= WHAT YOU WILL DO =
Where a line in the records below includes "linetype", pull that line out.

= GIVEN DATA =
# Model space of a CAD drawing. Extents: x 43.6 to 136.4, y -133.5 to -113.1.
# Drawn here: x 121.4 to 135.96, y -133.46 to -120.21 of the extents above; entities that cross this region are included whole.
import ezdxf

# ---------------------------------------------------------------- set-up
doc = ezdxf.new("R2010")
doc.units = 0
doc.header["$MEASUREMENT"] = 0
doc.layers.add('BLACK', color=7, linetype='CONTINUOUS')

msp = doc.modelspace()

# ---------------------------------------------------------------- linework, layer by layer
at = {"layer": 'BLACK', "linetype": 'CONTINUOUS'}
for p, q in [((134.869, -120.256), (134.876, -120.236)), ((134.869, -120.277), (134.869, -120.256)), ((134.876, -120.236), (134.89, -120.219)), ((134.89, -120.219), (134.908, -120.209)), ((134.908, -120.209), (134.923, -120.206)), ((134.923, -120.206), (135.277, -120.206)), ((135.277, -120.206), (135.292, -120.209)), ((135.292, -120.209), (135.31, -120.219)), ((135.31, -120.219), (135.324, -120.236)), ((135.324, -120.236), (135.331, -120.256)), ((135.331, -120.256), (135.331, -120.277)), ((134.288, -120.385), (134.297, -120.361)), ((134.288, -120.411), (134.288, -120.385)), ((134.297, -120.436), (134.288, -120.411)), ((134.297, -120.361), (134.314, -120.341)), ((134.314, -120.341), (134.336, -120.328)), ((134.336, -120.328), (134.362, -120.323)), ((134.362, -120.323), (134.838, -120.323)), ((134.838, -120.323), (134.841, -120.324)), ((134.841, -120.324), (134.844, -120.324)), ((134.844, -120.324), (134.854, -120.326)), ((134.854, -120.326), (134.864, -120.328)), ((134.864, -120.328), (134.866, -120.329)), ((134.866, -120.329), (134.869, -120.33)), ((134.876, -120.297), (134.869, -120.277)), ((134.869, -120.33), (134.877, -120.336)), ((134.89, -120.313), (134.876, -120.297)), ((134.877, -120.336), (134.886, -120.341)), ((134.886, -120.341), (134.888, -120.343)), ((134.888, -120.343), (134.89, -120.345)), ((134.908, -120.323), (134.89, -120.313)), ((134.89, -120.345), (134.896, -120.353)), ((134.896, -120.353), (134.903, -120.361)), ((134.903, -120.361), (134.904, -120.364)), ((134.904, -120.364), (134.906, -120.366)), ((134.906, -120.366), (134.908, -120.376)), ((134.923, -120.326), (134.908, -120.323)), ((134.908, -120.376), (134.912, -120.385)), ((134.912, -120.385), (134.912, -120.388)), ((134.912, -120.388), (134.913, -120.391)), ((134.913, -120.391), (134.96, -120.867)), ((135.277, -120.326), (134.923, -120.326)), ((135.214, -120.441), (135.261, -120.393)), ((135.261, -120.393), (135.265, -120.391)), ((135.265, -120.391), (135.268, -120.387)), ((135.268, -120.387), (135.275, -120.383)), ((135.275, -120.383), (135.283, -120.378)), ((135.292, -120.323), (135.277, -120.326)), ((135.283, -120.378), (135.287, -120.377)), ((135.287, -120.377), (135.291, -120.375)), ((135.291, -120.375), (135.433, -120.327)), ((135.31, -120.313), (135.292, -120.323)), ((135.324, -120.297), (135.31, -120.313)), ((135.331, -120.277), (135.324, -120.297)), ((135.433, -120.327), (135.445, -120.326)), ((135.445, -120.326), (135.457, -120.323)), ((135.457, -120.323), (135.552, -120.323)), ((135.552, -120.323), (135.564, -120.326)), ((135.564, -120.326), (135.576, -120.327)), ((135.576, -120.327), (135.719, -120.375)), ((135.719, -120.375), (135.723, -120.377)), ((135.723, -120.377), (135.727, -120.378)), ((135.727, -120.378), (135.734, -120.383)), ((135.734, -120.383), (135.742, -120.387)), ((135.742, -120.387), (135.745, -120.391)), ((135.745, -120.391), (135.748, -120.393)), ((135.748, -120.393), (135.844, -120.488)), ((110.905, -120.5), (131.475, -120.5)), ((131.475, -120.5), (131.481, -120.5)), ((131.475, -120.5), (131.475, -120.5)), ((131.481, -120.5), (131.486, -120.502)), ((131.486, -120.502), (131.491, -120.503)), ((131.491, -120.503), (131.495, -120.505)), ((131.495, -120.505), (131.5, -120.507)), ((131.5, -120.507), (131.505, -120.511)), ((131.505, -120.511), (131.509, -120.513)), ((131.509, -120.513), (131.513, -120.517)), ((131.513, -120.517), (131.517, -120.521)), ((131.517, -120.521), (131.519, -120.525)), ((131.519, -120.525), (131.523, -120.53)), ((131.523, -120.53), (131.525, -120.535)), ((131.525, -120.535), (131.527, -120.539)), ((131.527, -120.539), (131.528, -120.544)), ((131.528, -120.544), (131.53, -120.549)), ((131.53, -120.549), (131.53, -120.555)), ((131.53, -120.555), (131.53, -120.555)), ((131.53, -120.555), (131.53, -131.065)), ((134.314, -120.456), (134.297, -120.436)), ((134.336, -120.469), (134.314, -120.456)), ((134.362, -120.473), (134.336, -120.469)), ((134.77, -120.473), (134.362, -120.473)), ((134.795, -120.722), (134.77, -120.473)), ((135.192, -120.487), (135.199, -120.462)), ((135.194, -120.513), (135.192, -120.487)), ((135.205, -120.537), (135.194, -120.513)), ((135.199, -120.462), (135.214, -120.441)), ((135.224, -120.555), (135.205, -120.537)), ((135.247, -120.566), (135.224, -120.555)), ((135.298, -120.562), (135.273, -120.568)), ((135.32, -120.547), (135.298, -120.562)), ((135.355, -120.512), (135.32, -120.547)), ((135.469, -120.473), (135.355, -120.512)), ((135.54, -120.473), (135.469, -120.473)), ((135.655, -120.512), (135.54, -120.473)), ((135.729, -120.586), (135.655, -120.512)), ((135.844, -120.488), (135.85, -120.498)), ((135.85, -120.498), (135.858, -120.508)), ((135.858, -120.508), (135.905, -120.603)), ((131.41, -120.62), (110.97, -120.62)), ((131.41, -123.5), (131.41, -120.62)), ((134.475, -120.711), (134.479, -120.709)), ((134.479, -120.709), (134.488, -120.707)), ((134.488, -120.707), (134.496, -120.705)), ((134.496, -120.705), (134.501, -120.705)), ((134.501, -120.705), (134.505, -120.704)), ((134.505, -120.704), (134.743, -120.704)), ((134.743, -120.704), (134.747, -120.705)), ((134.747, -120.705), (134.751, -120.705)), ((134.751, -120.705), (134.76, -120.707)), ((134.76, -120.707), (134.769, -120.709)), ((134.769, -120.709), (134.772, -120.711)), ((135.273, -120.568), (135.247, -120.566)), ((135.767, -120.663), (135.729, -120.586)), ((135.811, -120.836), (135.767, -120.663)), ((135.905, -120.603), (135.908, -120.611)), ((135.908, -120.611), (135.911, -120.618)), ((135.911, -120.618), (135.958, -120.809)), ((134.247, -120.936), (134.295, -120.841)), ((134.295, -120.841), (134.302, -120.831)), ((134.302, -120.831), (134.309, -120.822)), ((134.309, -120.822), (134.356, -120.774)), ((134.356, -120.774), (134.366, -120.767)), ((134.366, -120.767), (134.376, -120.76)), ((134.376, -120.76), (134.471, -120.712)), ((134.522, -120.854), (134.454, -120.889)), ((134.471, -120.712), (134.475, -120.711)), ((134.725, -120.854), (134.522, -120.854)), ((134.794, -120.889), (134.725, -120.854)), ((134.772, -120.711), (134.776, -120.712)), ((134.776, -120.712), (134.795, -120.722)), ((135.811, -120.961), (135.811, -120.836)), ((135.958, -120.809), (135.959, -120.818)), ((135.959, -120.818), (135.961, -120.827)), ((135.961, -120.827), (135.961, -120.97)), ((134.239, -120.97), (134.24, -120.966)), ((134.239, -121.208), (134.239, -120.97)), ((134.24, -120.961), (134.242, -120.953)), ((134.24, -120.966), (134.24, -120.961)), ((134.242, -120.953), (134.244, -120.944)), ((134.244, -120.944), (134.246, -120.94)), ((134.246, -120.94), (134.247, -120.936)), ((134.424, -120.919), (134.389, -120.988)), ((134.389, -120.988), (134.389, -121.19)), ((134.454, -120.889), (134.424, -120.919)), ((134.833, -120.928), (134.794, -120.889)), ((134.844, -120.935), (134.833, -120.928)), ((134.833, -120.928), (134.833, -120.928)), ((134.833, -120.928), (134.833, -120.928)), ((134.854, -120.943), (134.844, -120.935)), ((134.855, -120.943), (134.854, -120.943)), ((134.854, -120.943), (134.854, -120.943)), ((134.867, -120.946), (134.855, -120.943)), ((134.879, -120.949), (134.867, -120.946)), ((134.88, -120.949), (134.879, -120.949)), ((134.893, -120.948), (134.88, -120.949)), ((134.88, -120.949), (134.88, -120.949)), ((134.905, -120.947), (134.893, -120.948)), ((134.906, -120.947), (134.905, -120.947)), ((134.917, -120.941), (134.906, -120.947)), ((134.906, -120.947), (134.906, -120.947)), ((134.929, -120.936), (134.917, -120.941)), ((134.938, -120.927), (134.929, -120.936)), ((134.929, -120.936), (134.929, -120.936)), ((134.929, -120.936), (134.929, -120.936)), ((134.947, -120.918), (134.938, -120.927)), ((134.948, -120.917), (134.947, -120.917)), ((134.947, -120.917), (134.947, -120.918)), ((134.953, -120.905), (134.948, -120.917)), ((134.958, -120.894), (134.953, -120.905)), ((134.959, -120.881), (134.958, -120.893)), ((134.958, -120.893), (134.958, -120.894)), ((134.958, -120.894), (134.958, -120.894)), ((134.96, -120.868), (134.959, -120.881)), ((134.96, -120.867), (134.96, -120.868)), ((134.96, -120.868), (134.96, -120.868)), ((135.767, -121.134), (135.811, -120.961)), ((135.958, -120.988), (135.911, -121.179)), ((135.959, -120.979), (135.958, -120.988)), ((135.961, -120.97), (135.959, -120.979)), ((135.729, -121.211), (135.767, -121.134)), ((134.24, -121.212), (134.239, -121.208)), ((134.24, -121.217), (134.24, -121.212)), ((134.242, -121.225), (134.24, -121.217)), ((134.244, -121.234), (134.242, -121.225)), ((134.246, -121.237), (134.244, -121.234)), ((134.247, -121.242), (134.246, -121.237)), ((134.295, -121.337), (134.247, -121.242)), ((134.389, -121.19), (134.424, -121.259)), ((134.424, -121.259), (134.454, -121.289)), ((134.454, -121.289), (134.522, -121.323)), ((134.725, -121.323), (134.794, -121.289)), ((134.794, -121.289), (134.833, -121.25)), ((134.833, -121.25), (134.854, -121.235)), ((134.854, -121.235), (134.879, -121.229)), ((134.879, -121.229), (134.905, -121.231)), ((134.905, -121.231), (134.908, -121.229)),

= TASK OUTPUT =
doc.layers.add('BLACK', color=7, linetype='CONTINUOUS')
at = {"layer": 'BLACK', "linetype": 'CONTINUOUS'}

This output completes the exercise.